WORK ITEM: With the pictures excluded, repeat every entry exactly.

GIVEN ENTRIES START

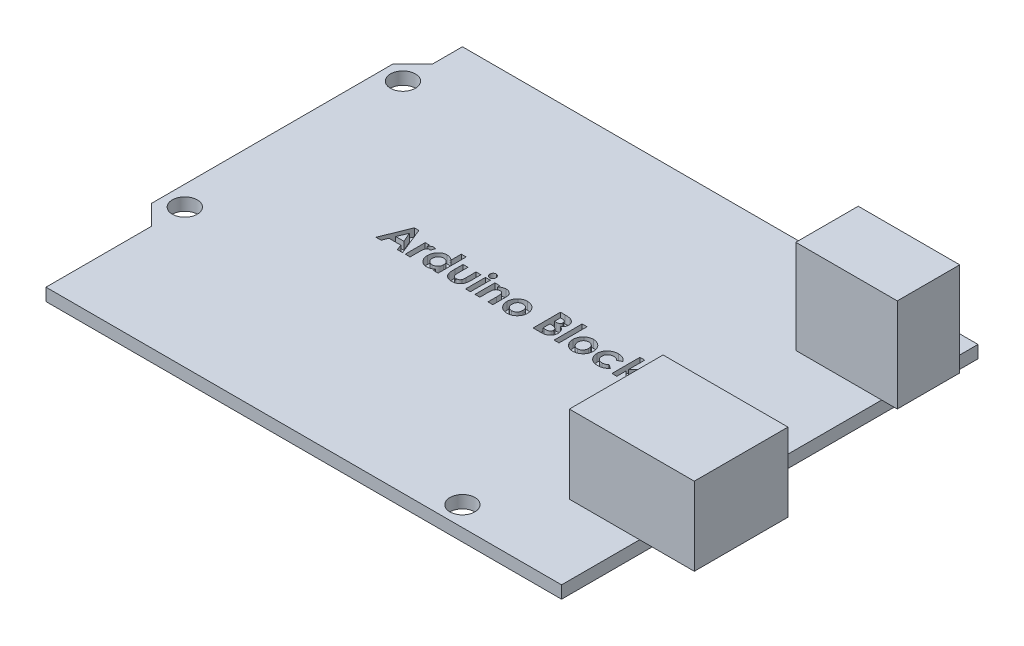
SolidWorks part; units mm, degrees
ref_plane "Front Plane" through (0, 0, 0) normal (0, 0, 1) x (1, 0, 0)
ref_plane "Top Plane" through (0, 0, 0) normal (0, 1, 0) x (1, 0, 0)
ref_plane "Right Plane" through (0, 0, 0) normal (1, 0, 0) x (0, 0, -1)
sketch "Sketch1" plane through (0, 0, 0) normal (0, 1, 0) x (1, 0, 0)
  line L1 (34.29, 26.67) -> (-34.29, 26.67)
  line L2 (34.29, 26.67) -> (34.29, -26.67)
  line L3 (34.29, -26.67) -> (-34.29, -26.67)
  line L4 (-34.29, 26.67) -> (-34.29, -26.67)
  line L5 (34.29, 26.67) -> (-34.29, -26.67) construction
  line L6 (34.29, -26.67) -> (-34.29, 26.67) construction
  point P0 (0, 0)
  dimension "D1" = 53.34
  dimension "D2" = 68.58
extrude "PCB" add sketch "Sketch1" along normal blind 1.6
sketch "Sketch2" plane through (0, 1.6, 0) normal (0, 1, 0) x (1, 0, 0)
  line L7 (23.29, 22.33) -> (36.29, 22.33)
  line L8 (23.29, 22.33) -> (23.29, 14.33)
  line L9 (23.29, 14.33) -> (36.29, 14.33)
  line L10 (36.29, 22.33) -> (36.29, 14.33)
  line L11 (23.29, 22.33) -> (36.29, 14.33) construction
  line L12 (23.29, 14.33) -> (36.29, 22.33) construction
  line L13 (-34.29, -26.67) -> (34.29, -26.67) construction
  line L14 (34.29, -26.67) -> (34.29, 26.67) construction
  point P5 (29.79, 18.33)
  dimension "D2" = 41
  dimension "D3" = 8
  dimension "D4" = 13
  dimension "D5" = 2
extrude "Charging Port" add sketch "Sketch2" along normal blind 12
sketch "Sketch4" plane through (0, 1.6, 0) normal (0, 1, 0) x (1, 0, 0)
  line L0 (-34.29, -26.67) -> (34.29, -26.67) construction
  line L1 (25.29, -4.67) -> (41.29, -4.67)
  line L2 (25.29, -4.67) -> (25.29, -16.67)
  line L3 (25.29, -16.67) -> (41.29, -16.67)
  line L4 (41.29, -4.67) -> (41.29, -16.67)
  line L5 (25.29, -4.67) -> (41.29, -16.67) construction
  line L6 (25.29, -16.67) -> (41.29, -4.67) construction
  line L7 (34.29, -26.67) -> (34.29, 14.33) construction
  point P0 (33.29, -10.67)
  dimension "D1" = 10
  dimension "D2" = 12
  dimension "D3" = 7
  dimension "D4" = 16
extrude "Ethernet" add sketch "Sketch4" along normal blind 10
sketch "Sketch5" plane through (0, 1.6, 0) normal (0, 1, 0) x (1, 0, 0)
  line L0 (-34.29, 0) -> (34.29, 0) construction
  line L1 (-34.29, 26.67) -> (-34.29, -26.67) construction
  line L2 (34.29, -4.67) -> (34.29, 14.33) construction
  text T0 "<b>Arduino Block</b>"
extrude "Cut-Extrude1" cut sketch "Sketch5" against normal blind 1
sketch "Sketch6" plane through (0, 1.6, 0) normal (0, 1, 0) x (1, 0, 0)
  line L0 (-31.75, 26.67) -> (-31.75, -26.67) construction
  line L1 (34.29, 26.67) -> (-34.29, 26.67) construction
  line L2 (-34.29, -26.67) -> (34.29, -26.67) construction
  line L3 (34.29, -4.67) -> (34.29, 14.33) construction
  line L4 (19.05, 26.67) -> (19.05, -26.67) construction
  line L5 (-31.75, 26.67) -> (-31.75, 22.8203)
  line L6 (-31.75, 22.8203) -> (-34.29, 20.2803)
  line L7 (-34.29, 26.67) -> (-34.29, -26.67) construction
  line L8 (-34.29, 20.2803) -> (-34.29, 26.67)
  line L9 (-34.29, 26.67) -> (-31.75, 26.67)
  line L10 (-34.29, -10.6135) -> (-31.75, -13.1535)
  line L11 (-31.75, -13.1535) -> (-31.75, -26.67)
  line L12 (-31.75, -26.67) -> (-34.29, -26.67)
  line L13 (-34.29, -26.67) -> (-34.29, -10.6135)
  circle A0 centre (-31.75, 19.05) radius 1.6
  circle A1 centre (-31.75, -8.89) radius 1.6
  circle A2 centre (19.05, -24.13) radius 1.6
  circle A3 centre (19.05, 24.13) radius 1.6
  point P8 (-31.75, -8.89)
  point P9 (-31.75, 19.05)
  point P16 (19.05, -24.13)
  point P19 (19.05, -24.13)
  dimension "D4" = 3.2
  dimension "D5" = 3.2
  dimension "D8" = 3.2
  dimension "D10" = 3.2
  dimension "D1" = 66.04
  dimension "D2" = 17.78
  dimension "D3" = 45.72
  dimension "D6" = 15.24
  dimension "D7" = 2.54
  dimension "D9" = 2.54
extrude "Cut-Extrude2" cut sketch "Sketch6" against normal through all

GIVEN ENTRIES END

EXPECTED OUTPUT:
SolidWorks part; units mm, degrees
ref_plane "Front Plane" through (0, 0, 0) normal (0, 0, 1) x (1, 0, 0)
ref_plane "Top Plane" through (0, 0, 0) normal (0, 1, 0) x (1, 0, 0)
ref_plane "Right Plane" through (0, 0, 0) normal (1, 0, 0) x (0, 0, -1)
sketch "Sketch1" plane through (0, 0, 0) normal (0, 1, 0) x (1, 0, 0)
  line L1 (34.29, 26.67) -> (-34.29, 26.67)
  line L2 (34.29, 26.67) -> (34.29, -26.67)
  line L3 (34.29, -26.67) -> (-34.29, -26.67)
  line L4 (-34.29, 26.67) -> (-34.29, -26.67)
  line L5 (34.29, 26.67) -> (-34.29, -26.67) construction
  line L6 (34.29, -26.67) -> (-34.29, 26.67) construction
  point P0 (0, 0)
  dimension "D1" = 53.34
  dimension "D2" = 68.58
extrude "PCB" add sketch "Sketch1" along normal blind 1.6
sketch "Sketch2" plane through (0, 1.6, 0) normal (0, 1, 0) x (1, 0, 0)
  line L7 (23.29, 22.33) -> (36.29, 22.33)
  line L8 (23.29, 22.33) -> (23.29, 14.33)
  line L9 (23.29, 14.33) -> (36.29, 14.33)
  line L10 (36.29, 22.33) -> (36.29, 14.33)
  line L11 (23.29, 22.33) -> (36.29, 14.33) construction
  line L12 (23.29, 14.33) -> (36.29, 22.33) construction
  line L13 (-34.29, -26.67) -> (34.29, -26.67) construction
  line L14 (34.29, -26.67) -> (34.29, 26.67) construction
  point P5 (29.79, 18.33)
  dimension "D2" = 41
  dimension "D3" = 8
  dimension "D4" = 13
  dimension "D5" = 2
extrude "Charging Port" add sketch "Sketch2" along normal blind 12
sketch "Sketch4" plane through (0, 1.6, 0) normal (0, 1, 0) x (1, 0, 0)
  line L0 (-34.29, -26.67) -> (34.29, -26.67) construction
  line L1 (25.29, -4.67) -> (41.29, -4.67)
  line L2 (25.29, -4.67) -> (25.29, -16.67)
  line L3 (25.29, -16.67) -> (41.29, -16.67)
  line L4 (41.29, -4.67) -> (41.29, -16.67)
  line L5 (25.29, -4.67) -> (41.29, -16.67) construction
  line L6 (25.29, -16.67) -> (41.29, -4.67) construction
  line L7 (34.29, -26.67) -> (34.29, 14.33) construction
  point P0 (33.29, -10.67)
  dimension "D1" = 10
  dimension "D2" = 12
  dimension "D3" = 7
  dimension "D4" = 16
extrude "Ethernet" add sketch "Sketch4" along normal blind 10
sketch "Sketch5" plane through (0, 1.6, 0) normal (0, 1, 0) x (1, 0, 0)
  line L0 (-34.29, 0) -> (34.29, 0) construction
  line L1 (-34.29, 26.67) -> (-34.29, -26.67) construction
  line L2 (34.29, -4.67) -> (34.29, 14.33) construction
  text T0 "<b>Arduino Block</b>"
extrude "Cut-Extrude1" cut sketch "Sketch5" against normal blind 1
sketch "Sketch6" plane through (0, 1.6, 0) normal (0, 1, 0) x (1, 0, 0)
  line L0 (-31.75, 26.67) -> (-31.75, -26.67) construction
  line L1 (34.29, 26.67) -> (-34.29, 26.67) construction
  line L2 (-34.29, -26.67) -> (34.29, -26.67) construction
  line L3 (34.29, -4.67) -> (34.29, 14.33) construction
  line L4 (19.05, 26.67) -> (19.05, -26.67) construction
  line L5 (-31.75, 26.67) -> (-31.75, 22.8203)
  line L6 (-31.75, 22.8203) -> (-34.29, 20.2803)
  line L7 (-34.29, 26.67) -> (-34.29, -26.67) construction
  line L8 (-34.29, 20.2803) -> (-34.29, 26.67)
  line L9 (-34.29, 26.67) -> (-31.75, 26.67)
  line L10 (-34.29, -10.6135) -> (-31.75, -13.1535)
  line L11 (-31.75, -13.1535) -> (-31.75, -26.67)
  line L12 (-31.75, -26.67) -> (-34.29, -26.67)
  line L13 (-34.29, -26.67) -> (-34.29, -10.6135)
  circle A0 centre (-31.75, 19.05) radius 1.6
  circle A1 centre (-31.75, -8.89) radius 1.6
  circle A2 centre (19.05, -24.13) radius 1.6
  circle A3 centre (19.05, 24.13) radius 1.6
  point P8 (-31.75, -8.89)
  point P9 (-31.75, 19.05)
  point P16 (19.05, -24.13)
  point P19 (19.05, -24.13)
  dimension "D4" = 3.2
  dimension "D5" = 3.2
  dimension "D8" = 3.2
  dimension "D10" = 3.2
  dimension "D1" = 66.04
  dimension "D2" = 17.78
  dimension "D3" = 45.72
  dimension "D6" = 15.24
  dimension "D7" = 2.54
  dimension "D9" = 2.54
extrude "Cut-Extrude2" cut sketch "Sketch6" against normal through all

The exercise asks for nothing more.